# MSI 6541 V. 2.1, Pc will nicht :-/



## Kipperlenny (30. August 2006)

Moin

Ich habe ein MSI 6541 V.2.1 mit dazugehörigem P4, 256 DDR Ram und 60GB Seagate Festplatte geschenkt bekommen. (Es lief alles bevor ich es bekam).
Die Festplatte wurde noch formatiert und dann wurden diese ganzen Dinge aus dem Gehäuse ausgebaut und mir übergeben.
Ich kaufte mit jetzt also ein schickes Gehäuse und ein 420W Netzteil und verband die Dinge so miteinander wie ich meinte wie es wohl sein sollte.

Nun das Problem:
Monitor startet gar nicht erst.
"NUM"-Taste auf der Tastatur blinkt die ganze Zeit.

Woran könnte es liegen?
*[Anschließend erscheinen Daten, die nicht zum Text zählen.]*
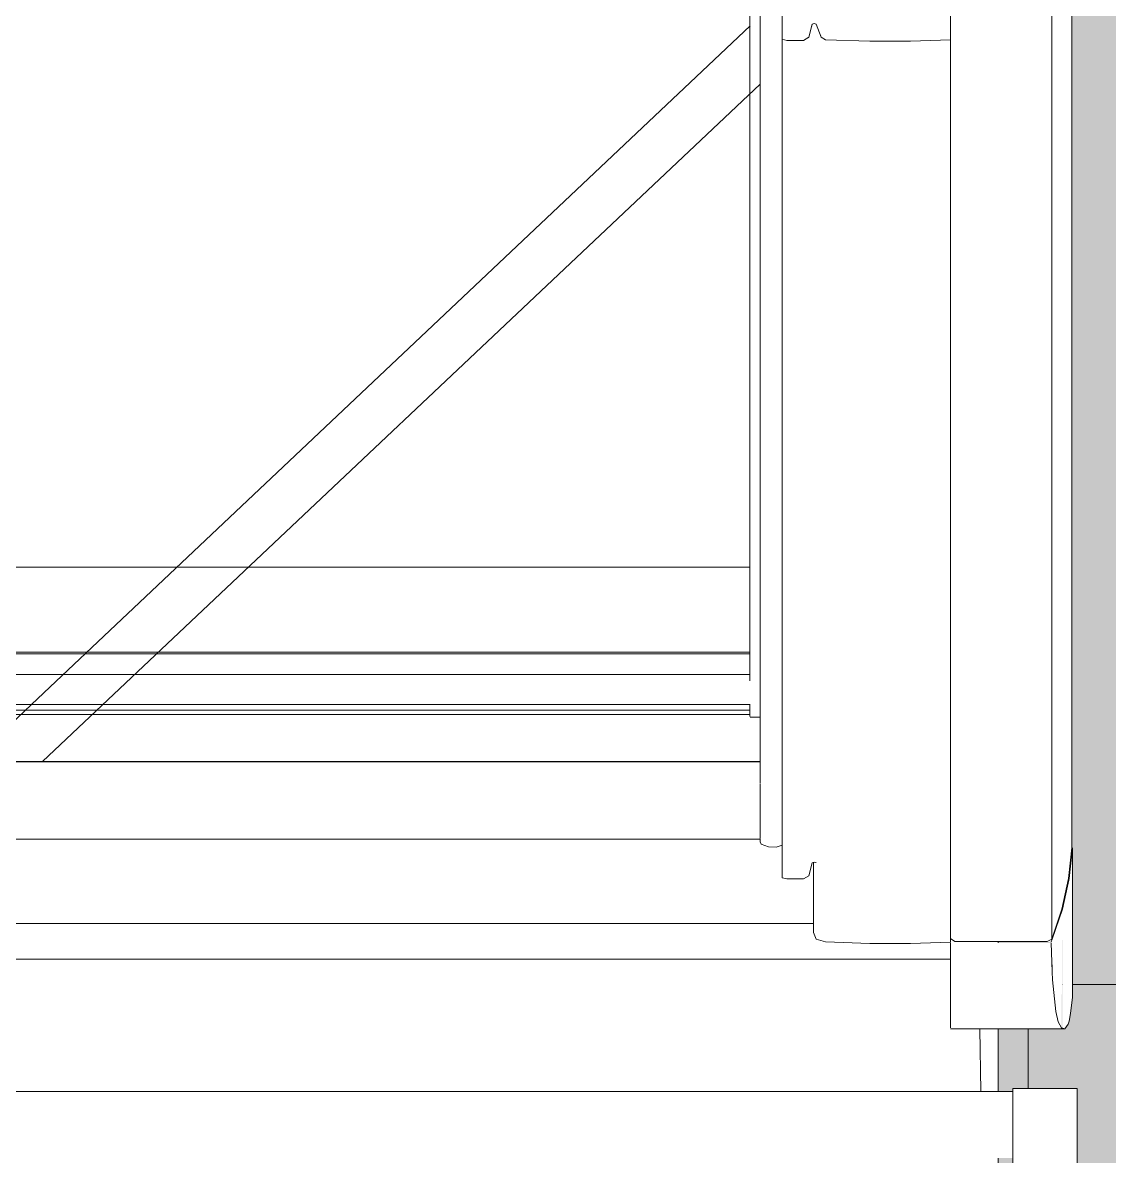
# Model space of a CAD drawing. Header units: metres. Extents: x -3 to 171, y -23 to 41.
# Drawn here: x 2.3748 to 2.8072, y -12.0684 to -11.6173 of the extents above; entities that cross this region are included whole.
import ezdxf

# ---------------------------------------------------------------- set-up
doc = ezdxf.new("R2010")
doc.units = ezdxf.units.M
doc.header["$MEASUREMENT"] = 0
doc.linetypes.add('Achse', pattern=[0.004, 0.002, -0.001, 0, -0.001])
doc.linetypes.add('Wipeout_Contour', pattern=[1, 0, -1])
for name, color, linetype in [('6._Dach PP STG1_1_000 Achsraster', 7, 'Continuous'), ('6._Dach PP STG1_1_325 Dachfenster', 7, 'Continuous'), ('6._Dach PP STG1_1_330 Dachaufbau', 7, 'Continuous')]:
    doc.layers.add(name, color=color, linetype=linetype)

msp = doc.modelspace()

# ---------------------------------------------------------------- hatches: boundary and pattern name
at = {"layer": '6._Dach PP STG1_1_330 Dachaufbau', "linetype": 'Continuous', "lineweight": 0, "true_color": 0x000000}
h = msp.add_hatch(color=18, dxfattribs=at)
h.paths.add_polyline_path([(6.26, -13.58499), (3.315, -13.58499), (3.315, -11.155), (6.26, -11.155), (6.26, -10.4), (0.03813, -10.4), (0.05526, -15.07), (1.01714, -15.07), (1.01714, -14.22801), (2.76714, -14.22801), (2.76714, -15.07), (3.44551, -15.07), (3.44551, -14.22801), (5.19551, -14.22801), (5.19551, -15.07), (6.26, -15.07)])
h.paths.add_polyline_path([(1.06307, -12.8025), (1.06307, -11.20127), (2.76307, -11.20127), (2.76307, -12.8025)], flags=0)

# ---------------------------------------------------------------- linework, layer by layer
at = {"layer": '6._Dach PP STG1_1_000 Achsraster', "color": 5, "linetype": 'Achse', "lineweight": 0, "ltscale": 1000}
msp.add_line((-1.5, -12), (21, -12), dxfattribs=at)
at = {"layer": '6._Dach PP STG1_1_325 Dachfenster', "color": 7, "linetype": 'Continuous', "lineweight": 13, "ltscale": 1000, "true_color": 0xf4f4f4, "flags": 128}
msp.add_lwpolyline([(2.775, -12.04136), (2.775, -12.0176)], dxfattribs=at)
at = {"layer": '6._Dach PP STG1_1_330 Dachaufbau', "color": 7, "linetype": 'Continuous', "lineweight": 18, "ltscale": 1000, "flags": 128}
msp.add_lwpolyline([(2.76307, -12.8025), (2.76307, -11.20127)], dxfattribs=at)

# ---------------------------------------------------------------- next in the draw order: wipeouts: each hides what was drawn before it
at = {"color": 254, "linetype": 'Wipeout_Contour', "lineweight": 0, "ltscale": 59.379579}
msp.add_wipeout([(2.79125, -11.38562), (2.79105, -11.38652), (2.79105, -11.95781), (2.79235, -11.94556), (2.79235, -11.37525)], dxfattribs=at).dxf.layer = '6._Dach PP STG1_1_325 Dachfenster'
at = {"color": 254, "linetype": 'Wipeout_Contour', "lineweight": 0, "ltscale": 62.18942}
msp.add_wipeout([(2.66835, -11.94215), (2.66825, -11.94328), (2.66875, -11.94413), (2.66875, -11.44018), (2.66825, -11.92003)], dxfattribs=at).dxf.layer = '6._Dach PP STG1_1_325 Dachfenster'
at = {"color": 254, "linetype": 'Wipeout_Contour', "lineweight": 0, "ltscale": 47.399134}
msp.add_wipeout([(2.67705, -11.62381), (2.67895, -11.6243), (2.67895, -11.44018), (2.67705, -11.44018)], dxfattribs=at).dxf.layer = '6._Dach PP STG1_1_325 Dachfenster'
at = {"color": 254, "linetype": 'Wipeout_Contour', "lineweight": 0, "ltscale": 47.376202}
msp.add_wipeout([(2.68895, -11.44018), (2.68765, -11.44018), (2.68765, -11.62303), (2.68895, -11.61787)], dxfattribs=at).dxf.layer = '6._Dach PP STG1_1_325 Dachfenster'
at = {"color": 254, "linetype": 'Wipeout_Contour', "lineweight": 0, "ltscale": 58.798303}
msp.add_wipeout([(2.72815, -11.62459), (2.74405, -11.62407), (2.74405, -11.46835), (2.74405, -11.44018), (2.72815, -11.44018)], dxfattribs=at).dxf.layer = '6._Dach PP STG1_1_325 Dachfenster'
at = {"color": 254, "linetype": 'Wipeout_Contour', "lineweight": 0, "ltscale": 98.160331}
msp.add_wipeout([(1.97798, -12.0176), (1.97759, -12.04256), (2.75611, -12.04256), (2.75573, -12.0176), (2.74405, -12.0176), (2.74405, -11.98995), (1.98965, -11.98995), (1.98965, -12.0176)], dxfattribs=at).dxf.layer = '6._Dach PP STG1_1_325 Dachfenster'
at = {"color": 254, "linetype": 'Wipeout_Contour', "lineweight": 0, "ltscale": 49.489392}
msp.add_wipeout([(2.76885, -12.04136), (2.76885, -12.04871), (2.79448, -12.04871), (2.79449, -12.04136)], dxfattribs=at).dxf.layer = '6._Dach PP STG1_1_325 Dachfenster'

# ---------------------------------------------------------------- next in the draw order: linework, layer by layer
at = {"layer": '6._Dach PP STG1_1_325 Dachfenster', "color": 7, "linetype": 'Continuous', "lineweight": 13, "ltscale": 1000, "flags": 128}
msp.add_lwpolyline([(2.79449, -12.04348), (2.79449, -12.04136)], dxfattribs=at)

# ---------------------------------------------------------------- next in the draw order: wipeouts: each hides what was drawn before it
at = {"color": 254, "linetype": 'Wipeout_Contour', "lineweight": 0, "ltscale": 48.108477}
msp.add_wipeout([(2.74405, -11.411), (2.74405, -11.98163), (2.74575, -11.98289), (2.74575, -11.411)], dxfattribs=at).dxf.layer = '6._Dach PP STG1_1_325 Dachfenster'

Die Grafikkarte sollte im Motherboard intergriert sein.
Jumper? Oder die Verbindungen zum Gehäuse falsch? Kabel verkehrt?

Das dumme an dem ganzen ist, dass es laut MSI dieses Motherboard gar nicht gibt (findet man auf deren Website nicht) allerdings gibts schon ein paar themen auf englisch im netz wo leute auch nah manuals suchen dafür - es scheint wohl nichts zu geben...

Weiß jemand was ich tun könnte?

lenny


----------